Area of Triangle with Given Data

[alextrainer]

For b) area of AEF so one side is 7 - don't know how to get other 2 sides

not sure if right triangle; don't think so

how to use the data given since two of sides are slantedView attachment 6374

 

[MarkFL]

A triangle doesn't have to be a right triangle to use the area formula:

\(\displaystyle A=\frac{1}{2}bh\)

For $\triangle AEF$, we have $b=\overline{AF}=7$ and $h=\overline{AB}=5$

Thus, we get:

\(\displaystyle A=\frac{1}{2}\cdot7\cdot5=\frac{35}{2}\)

Suppose you aren't convinced we can use this formula except for right triangles. We could then drop a vertical line from point $E$ to $\overline{AD}$ and label the intersection $G$. $G$ will be to the right of $F$ and we'll say $\overline{FG}=x$

Now, we have the right triangle $AEG$, whose area is:

\(\displaystyle A_1=\frac{1}{2}(5+x)7\)

We also have the right triangle $FEG$ whose area is:

\(\displaystyle A_2=\frac{1}{2}(x)7\)

We can now find the area of $AEF$ by taking $A_1$, the area of the larger right triangle, and subtracting $A_2$, the area of the smaller right triangle:

\(\displaystyle A=A_1-A_2=\frac{1}{2}(5+x)7-\frac{1}{2}(x)7=\frac{1}{2}\cdot7\left((5+x)-x\right)=\frac{1}{2}\cdot7\cdot5=\frac{35}{2}\)

 

[alextrainer]

Thanks the line AB equals EF - what threw me off was EF looks at an angle - but I guess I assume since not drawn to scale - the 2 lines are the same.

 

[MarkFL]

Thanks the line AB equals EF - what threw me off was EF looks at an angle - but I guess I assume since not drawn to scale - the 2 lines are the same.

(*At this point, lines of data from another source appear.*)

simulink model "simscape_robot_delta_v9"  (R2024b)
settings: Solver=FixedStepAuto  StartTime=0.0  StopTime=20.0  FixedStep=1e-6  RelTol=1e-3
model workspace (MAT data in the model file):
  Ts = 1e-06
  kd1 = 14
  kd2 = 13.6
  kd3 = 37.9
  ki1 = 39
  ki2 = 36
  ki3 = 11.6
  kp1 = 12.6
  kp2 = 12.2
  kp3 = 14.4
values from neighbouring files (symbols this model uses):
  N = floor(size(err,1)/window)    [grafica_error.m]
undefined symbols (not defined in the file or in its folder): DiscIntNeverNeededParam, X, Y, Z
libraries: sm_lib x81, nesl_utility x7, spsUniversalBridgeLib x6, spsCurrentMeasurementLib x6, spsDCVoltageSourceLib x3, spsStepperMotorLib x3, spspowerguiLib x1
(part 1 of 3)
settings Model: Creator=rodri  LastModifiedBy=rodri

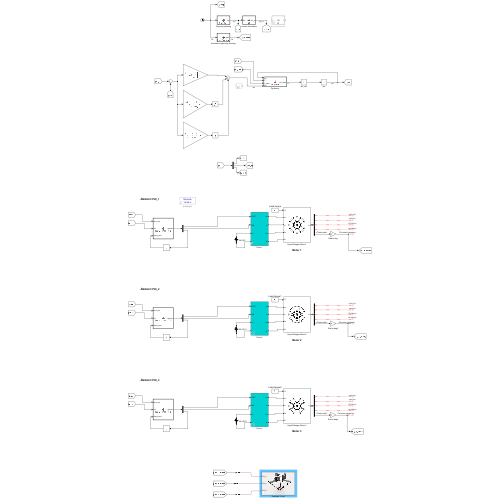
[thumbnail: Simulink's stored preview of the top-level diagram]
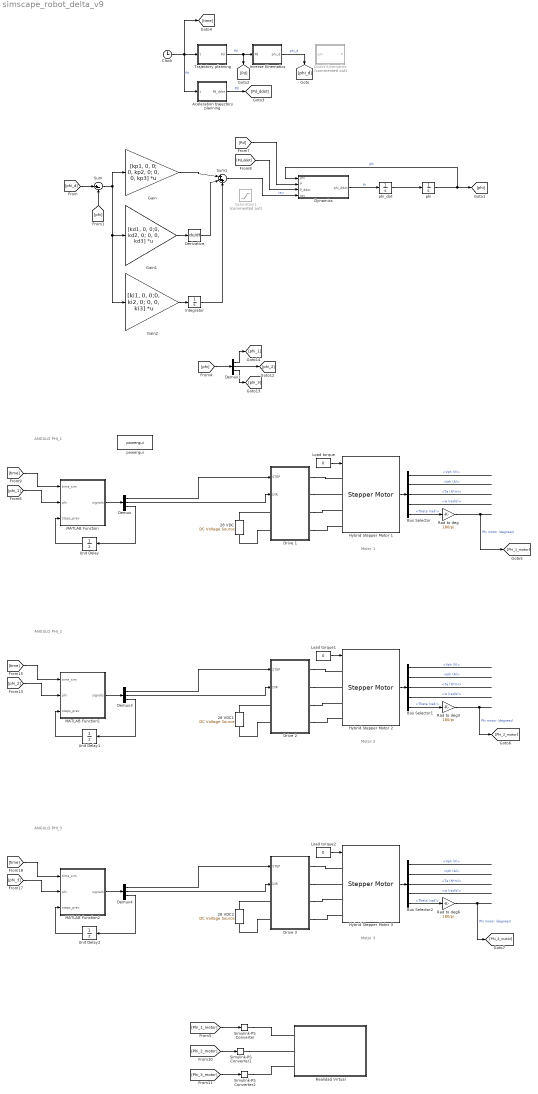
== system simscape_robot_delta_v9 ==
  note: Motor 3
  note: ÁNGULO PHI_1
  note: Motor 1
  note: ÁNGULO PHI_2
  note: ÁNGULO PHI_3
  note: Motor 2
  28 VDC : spsDCVoltageSourceLib/DC Voltage Source  Amplitude=28  Measurements=None
  28 VDC1 : spsDCVoltageSourceLib/DC Voltage Source  Amplitude=28  Measurements=None
  28 VDC2 : spsDCVoltageSourceLib/DC Voltage Source  Amplitude=28  Measurements=None
  Aceleration trajectory planning : MATLAB Function  TreatAsAtomicUnit=on
  Bus Selector : BusSelector  OutputSignals=Vph (V),Iph (A),Te (N*m),w (rad/s),Theta (rad)
  Bus Selector1 : BusSelector  OutputSignals=Vph (V),Iph (A),Te (N*m),w (rad/s),Theta (rad)
  Bus Selector2 : BusSelector  OutputSignals=Vph (V),Iph (A),Te (N*m),w (rad/s),Theta (rad)
  Clock : Clock
  Demux{,1,3..4} (4 alike) : Demux  Outputs=3
  Derivative : Derivative
  Direct Kinematics : MATLAB Function  Commented=on  TreatAsAtomicUnit=on
  Drive 1 : Subsystem  mask{Iref=2, step=500, Ts=Ts}
      mask prompts: Iref "Phase current (A)"; step "Stepping rate (step/s)"; Ts "Sampling time (s)"
      mask init:
      | Nstep=round(1/step/Ts);
  Drive 2 : Subsystem  mask{Iref=2, step=500, Ts=Ts}
      mask prompts: Iref "Phase current (A)"; step "Stepping rate (step/s)"; Ts "Sampling time (s)"
      mask init:
      | Nstep=round(1/step/Ts);
  Drive 3 : Subsystem  mask{Iref=2, step=500, Ts=Ts}
      mask prompts: Iref "Phase current (A)"; step "Stepping rate (step/s)"; Ts "Sampling time (s)"
      mask init:
      | Nstep=round(1/step/Ts);
  Dynamics : MATLAB Function  TreatAsAtomicUnit=on
  Gain : Gain  Gain=[kp1, 0, 0; 0, kp2, 0; 0, 0, kp3]  Multiplication=Matrix(K*u)
  Gain1 : Gain  Gain=[kd1, 0, 0;0, kd2, 0; 0, 0, kd3]  Multiplication=Matrix(K*u)
  Gain2 : Gain  Gain=[ki1, 0, 0;0, ki2, 0; 0, 0, ki3]  Multiplication=Matrix(K*u)
  Hybrid Stepper Motor 1 : spsStepperMotorLib/Stepper Motor  MotorType=Permanent-magnet / Hybrid  NumberOfPhases_1=2  NumberOfPhases_2=3  PresetModel_1=<empty>  PresetModel_2=<empty>  L=1.4e-3  Lmax=10e-3  Lmin=2e-3  R=0.7  Step_angle=1.8  Psim=0.005  Tdm=0.002  J=1.2e-7  B=1e-7*1000  w0=0  pos0=0  TsPowergui=0  TsBlock=-1
  Hybrid Stepper Motor 2 : spsStepperMotorLib/Stepper Motor  MotorType=Permanent-magnet / Hybrid  NumberOfPhases_1=2  NumberOfPhases_2=3  PresetModel_1=<empty>  PresetModel_2=<empty>  L=1.4e-3  Lmax=10e-3  Lmin=2e-3  R=0.7  Step_angle=1.8  Psim=0.005  Tdm=0.002  J=1.2e-7  B=1e-7*1000  w0=0  pos0=0  TsPowergui=0  TsBlock=-1
  Hybrid Stepper Motor 3 : spsStepperMotorLib/Stepper Motor  MotorType=Permanent-magnet / Hybrid  NumberOfPhases_1=2  NumberOfPhases_2=3  PresetModel_1=<empty>  PresetModel_2=<empty>  L=1.4e-3  Lmax=10e-3  Lmin=2e-3  R=0.7  Step_angle=1.8  Psim=0.005  Tdm=0.002  J=1.2e-7  B=1e-7*1000  w0=0  pos0=0  TsPowergui=0  TsBlock=-1
  Integrator : Integrator  InitialCondition=[0;0;0]
  Inverse Kinematics : MATLAB Function  TreatAsAtomicUnit=on
  Load torque : Constant  Value=0
  Load torque1 : Constant  Value=0
  Load torque2 : Constant  Value=0
  MATLAB Function : MATLAB Function  TreatAsAtomicUnit=on
  MATLAB Function1 : MATLAB Function  TreatAsAtomicUnit=on
  MATLAB Function2 : MATLAB Function  TreatAsAtomicUnit=on
  Rad to deg : Gain  Gain=180/pi
  Rad to deg3 : Gain  Gain=180/pi
  Rad to deg6 : Gain  Gain=180/pi
  Realidad Virtual : Subsystem
      mask Display: image('robot_delta_azucena.png');
  Saturation1 : Saturate  Commented=on  UpperLimit=19.8  LowerLimit=-19.8
  Simulink-PS Converter : nesl_utility/Simulink-PS Converter  PhysicalDomain=network_engine_domain  SubClassName=ps_input  LeftPortType=input  RightPortType=output  PseudoPeriodic=off  Frequencies=[]  NoiseDistribution=none  NoiseParameters=[]  Unit=deg  AffineConversion=off  FilteringAndDerivatives=filter  SimscapeFilterOrder=2  InputFilterTimeConstant=0.001  UdotUserProvided=0
  Simulink-PS Converter1 : nesl_utility/Simulink-PS Converter  PhysicalDomain=network_engine_domain  SubClassName=ps_input  LeftPortType=input  RightPortType=output  PseudoPeriodic=off  Frequencies=[]  NoiseDistribution=none  NoiseParameters=[]  Unit=deg  AffineConversion=off  FilteringAndDerivatives=filter  SimscapeFilterOrder=2  InputFilterTimeConstant=0.001  UdotUserProvided=0
  Simulink-PS Converter2 : nesl_utility/Simulink-PS Converter  PhysicalDomain=network_engine_domain  SubClassName=ps_input  LeftPortType=input  RightPortType=output  PseudoPeriodic=off  Frequencies=[]  NoiseDistribution=none  NoiseParameters=[]  Unit=deg  AffineConversion=off  FilteringAndDerivatives=filter  SimscapeFilterOrder=2  InputFilterTimeConstant=0.001  UdotUserProvided=0
  Sum : Sum  Inputs=|+-
  Sum1 : Sum  Inputs=|+++
  Trajectory planning : MATLAB Function  TreatAsAtomicUnit=on
  Unit Delay : UnitDelay  SampleTime=-1  HasFrameUpgradeWarning=on
  Unit Delay1 : UnitDelay  SampleTime=-1  HasFrameUpgradeWarning=on
  Unit Delay2 : UnitDelay  SampleTime=-1  HasFrameUpgradeWarning=on
  phi : Integrator  InitialCondition=[0;0;0]
  phi_dot : Integrator  InitialCondition=[0;0;0]
  powergui : spspowerguiLib/powergui  SimulationMode=Discrete  SampleTime=Ts  frequency=60  Iterations=50  frequencyindice=0  Pbase=100e6  ErrMax=1e-4  UnitsV=kV  UnitsW=MW  buscounter=0  FunctionMessages=off  echomessages=off  EnableUseOfTLC=off  CurrentSourceSwitches=off  DisableSnubberDevices=off  DisableRonSwitches=off  DisableVfSwitches=off  DisplayEquations=off  AutomaticDiscreteSolvers=off  SolverType=Tustin/Backward Euler (TBE)  Interpol=off  ExternalGateDelay=off  methode=off  Ts=0  x0status=blocks  SPID=off  SwTol=0  HookPort=off  NonlinearTolerance=1e-4  nMaxIteration=100  ContinueOnMaxIteration=off  RestoreLinks=warning  ResistiveCurrentMeasurement=off  Frange=[0:2:500]  Ylog=off  Xlog=on  ShowGrid=off  save=off  variable=ZData  structure=0  ZoomFFT=on  StartTime=0.0  cycles=1  DisplayStyle=1  fundamental=60  FreqAxis=off  MaxFrequency=1000  frequencyindicesteady=1  RmsSteady=1  display=off
  wires:
  Sum/1 -> Gain2/1, Gain1/1, Gain/1
  Gain/1 -> Sum1/1
  Derivative/1 -> Sum1/2
  [Pd] -> Dynamics/2(P)
  Clock/1 -> [time], Aceleration trajectory planning/1(t), Trajectory planning/1(t)  "Pd"
  phi/1 -> Dynamics/1(phi), [phi]  "phi"
  Integrator/1 -> Sum1/3
  [Pd_ddot] -> Dynamics/3(P_ddot)
  Sum1/1 -> Dynamics/4(tau)  "tau"
  Gain1/1 -> Derivative/1
  [phi_d] -> Sum/1
  Trajectory planning/1(Pd) -> Inverse Kinematics/1(Pd), [Pd]  "Pd"
  Dynamics/1(phi_ddot) -> phi_dot/1  "Pr"
  Gain2/1 -> Integrator/1
  phi_dot/1 -> phi/1
  Inverse Kinematics/1(phi_d) -> [phi_d]  "phi_d"
  Aceleration trajectory planning/1(Pd_ddot) -> [Pd_ddot]  "Pd"
  [phi] -> Sum/2
  Bus Selector/1 -> ?  "<Vph (V)>"
  Load torque/1 -> Hybrid Stepper Motor 1/1
  [phi_2] -> MATLAB Function1/2(phi)
  Demux3/3 -> Unit Delay1/1
  [time] -> MATLAB Function/1(time_sim)
  [time] -> MATLAB Function1/1(time_sim)
  Bus Selector/5 -> Rad to deg/1  "<Theta (rad)>"
  Bus Selector/4 -> ?  "<w (rad/s)>"
  Demux/3 -> Unit Delay/1
  Hybrid Stepper Motor 2/1 -> Bus Selector1/1
  Rad to deg/1 -> [Phi_1_motor]  "Phi motor (degrees)"
  Demux/2 -> Drive 1/2(DIR)
  Bus Selector2/3 -> ?  "<Te (N*m)>"
  Rad to deg6/1 -> [Phi_3_motor]  "Phi motor (degrees)"
  Unit Delay2/1 -> MATLAB Function2/3(steps_prev)
  Bus Selector2/2 -> ?  "<Iph (A)>"
  Unit Delay1/1 -> MATLAB Function1/3(steps_prev)
  Bus Selector2/4 -> ?  "<w (rad/s)>"
  Hybrid Stepper Motor 1/1 -> Bus Selector/1
  Bus Selector2/5 -> Rad to deg6/1  "<Theta (rad)>"
  Load torque1/1 -> Hybrid Stepper Motor 2/1
  MATLAB Function1/1(signals) -> Demux3/1
  Load torque2/1 -> Hybrid Stepper Motor 3/1
  Demux4/3 -> Unit Delay2/1
  Demux3/2 -> Drive 2/2(DIR)
  [phi_3] -> MATLAB Function2/2(phi)
  Demux/1 -> Drive 1/1(STEP)
  Bus Selector2/1 -> ?  "<Vph (V)>"
  Bus Selector1/4 -> ?  "<w (rad/s)>"
  Bus Selector/3 -> ?  "<Te (N*m)>"
  Demux4/1 -> Drive 3/1(STEP)
  Bus Selector1/5 -> Rad to deg3/1  "<Theta (rad)>"
  Hybrid Stepper Motor 3/1 -> Bus Selector2/1
  Bus Selector/2 -> ?  "<Iph (A)>"
  Bus Selector1/1 -> ?  "<Vph (V)>"
  [phi_1] -> MATLAB Function/2(phi)
  Demux4/2 -> Drive 3/2(DIR)
  Bus Selector1/3 -> ?  "<Te (N*m)>"
  MATLAB Function/1(signals) -> Demux/1
  Rad to deg3/1 -> [Phi_2_motor]  "Phi motor (degrees)"
  [time] -> MATLAB Function2/1(time_sim)
  Demux3/1 -> Drive 2/1(STEP)
  Unit Delay/1 -> MATLAB Function/3(steps_prev)
  MATLAB Function2/1(signals) -> Demux4/1
  Bus Selector1/2 -> ?  "<Iph (A)>"
  Demux1/1 -> [phi_1]
  Demux1/3 -> [phi_3]
  [phi] -> Demux1/1
  Demux1/2 -> [phi_2]
  [Phi_1_motor] -> Simulink-PS Converter/1
  [Phi_2_motor] -> Simulink-PS Converter1/1
  [Phi_3_motor] -> Simulink-PS Converter2/1
  connections:
  Drive 1/RConn2 -- Hybrid Stepper Motor 1/LConn2
  Drive 2/RConn2 -- Hybrid Stepper Motor 2/LConn2
  Drive 3/RConn2 -- Hybrid Stepper Motor 3/LConn2
  Drive 3/RConn3 -- Hybrid Stepper Motor 3/LConn3
  28 VDC2/RConn1 -- Drive 3/LConn1
  Drive 2/LConn2 -- 28 VDC1/LConn1
  Drive 2/RConn3 -- Hybrid Stepper Motor 2/LConn3
  Drive 1/RConn4 -- Hybrid Stepper Motor 1/LConn4
  Drive 2/RConn4 -- Hybrid Stepper Motor 2/LConn4
  Drive 3/LConn2 -- 28 VDC2/LConn1
  28 VDC/RConn1 -- Drive 1/LConn1
  28 VDC1/RConn1 -- Drive 2/LConn1
  Drive 1/RConn3 -- Hybrid Stepper Motor 1/LConn3
  Drive 1/LConn2 -- 28 VDC/LConn1
  Drive 3/RConn1 -- Hybrid Stepper Motor 3/LConn1
  Drive 1/RConn1 -- Hybrid Stepper Motor 1/LConn1
  Drive 3/RConn4 -- Hybrid Stepper Motor 3/LConn4
  Drive 2/RConn1 -- Hybrid Stepper Motor 2/LConn1
  Simulink-PS Converter2/RConn1 -- Realidad Virtual/LConn3
  Simulink-PS Converter1/RConn1 -- Realidad Virtual/LConn2
  Simulink-PS Converter/RConn1 -- Realidad Virtual/LConn1

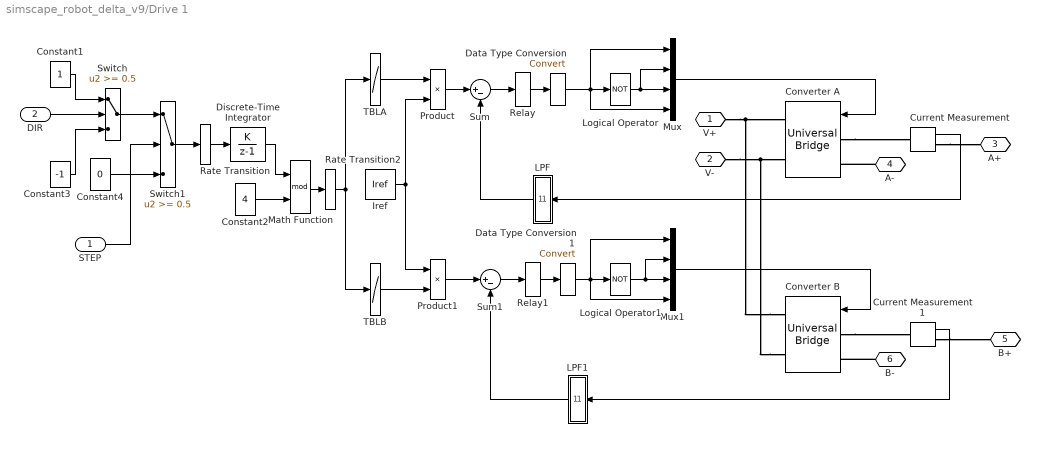
== system simscape_robot_delta_v9/Drive 1 ==
  STEP : Inport
  DIR : Inport  Port=2
  Constant1 : Constant  SampleTime=Ts
  Constant2 : Constant  Value=4  SampleTime=Nstep*Ts
  Constant3 : Constant  Value=-1  SampleTime=Ts
  Constant4 : Constant  Value=0  SampleTime=Ts
  Converter A : spsUniversalBridgeLib/Universal Bridge  Arms=2  SnubberResistance=10000  SnubberCapacitance=inf  Device=MOSFET / Diodes  Ron=1e-3*10  Lon=0  ForwardVoltages="[  0  0  ]"  ForwardVoltage=0  GTOparameters=[ 10e-6 , 20e-6 ]  IGBTparameters=[ 0.5e-6 , 0.5e-6 ]  Measurements=None  Measurements_2=None  converterType=Rectifier
  Converter B : spsUniversalBridgeLib/Universal Bridge  Arms=2  SnubberResistance=10000  SnubberCapacitance=inf  Device=MOSFET / Diodes  Ron=1e-3*10  Lon=0  ForwardVoltages="[  0  0  ]"  ForwardVoltage=0  GTOparameters=[ 10e-6 , 20e-6 ]  IGBTparameters=[ 0.5e-6 , 0.5e-6 ]  Measurements=None  Measurements_2=None  converterType=Rectifier
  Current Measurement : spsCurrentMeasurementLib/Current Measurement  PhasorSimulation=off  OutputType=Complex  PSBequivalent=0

I would say, going by the diagram, that:

\(\displaystyle \overline{EF}>\overline{AB}\)

But, as I showed, we don't need to know $\overline{EF}$ since $\overline{AB}$ is the altitude of the triangle.

 

[phymat]

Thanks the line AB equals EF - what threw me off was EF looks at an angle - but I guess I assume since not drawn to scale - the 2 lines are the same.

They are not drawn to scale, but it doesn't mean that both are equal. Are you trying to find the area through herons formula? Or it is just that you were unaware about the simpler method?

 

[HallsofIvy]

You don't need to know the lengths of the sides of a triangle to find its area. The area of a triangle is (1/2)*base*height. Here the base is AF which we are told has length 7 and the height is 5.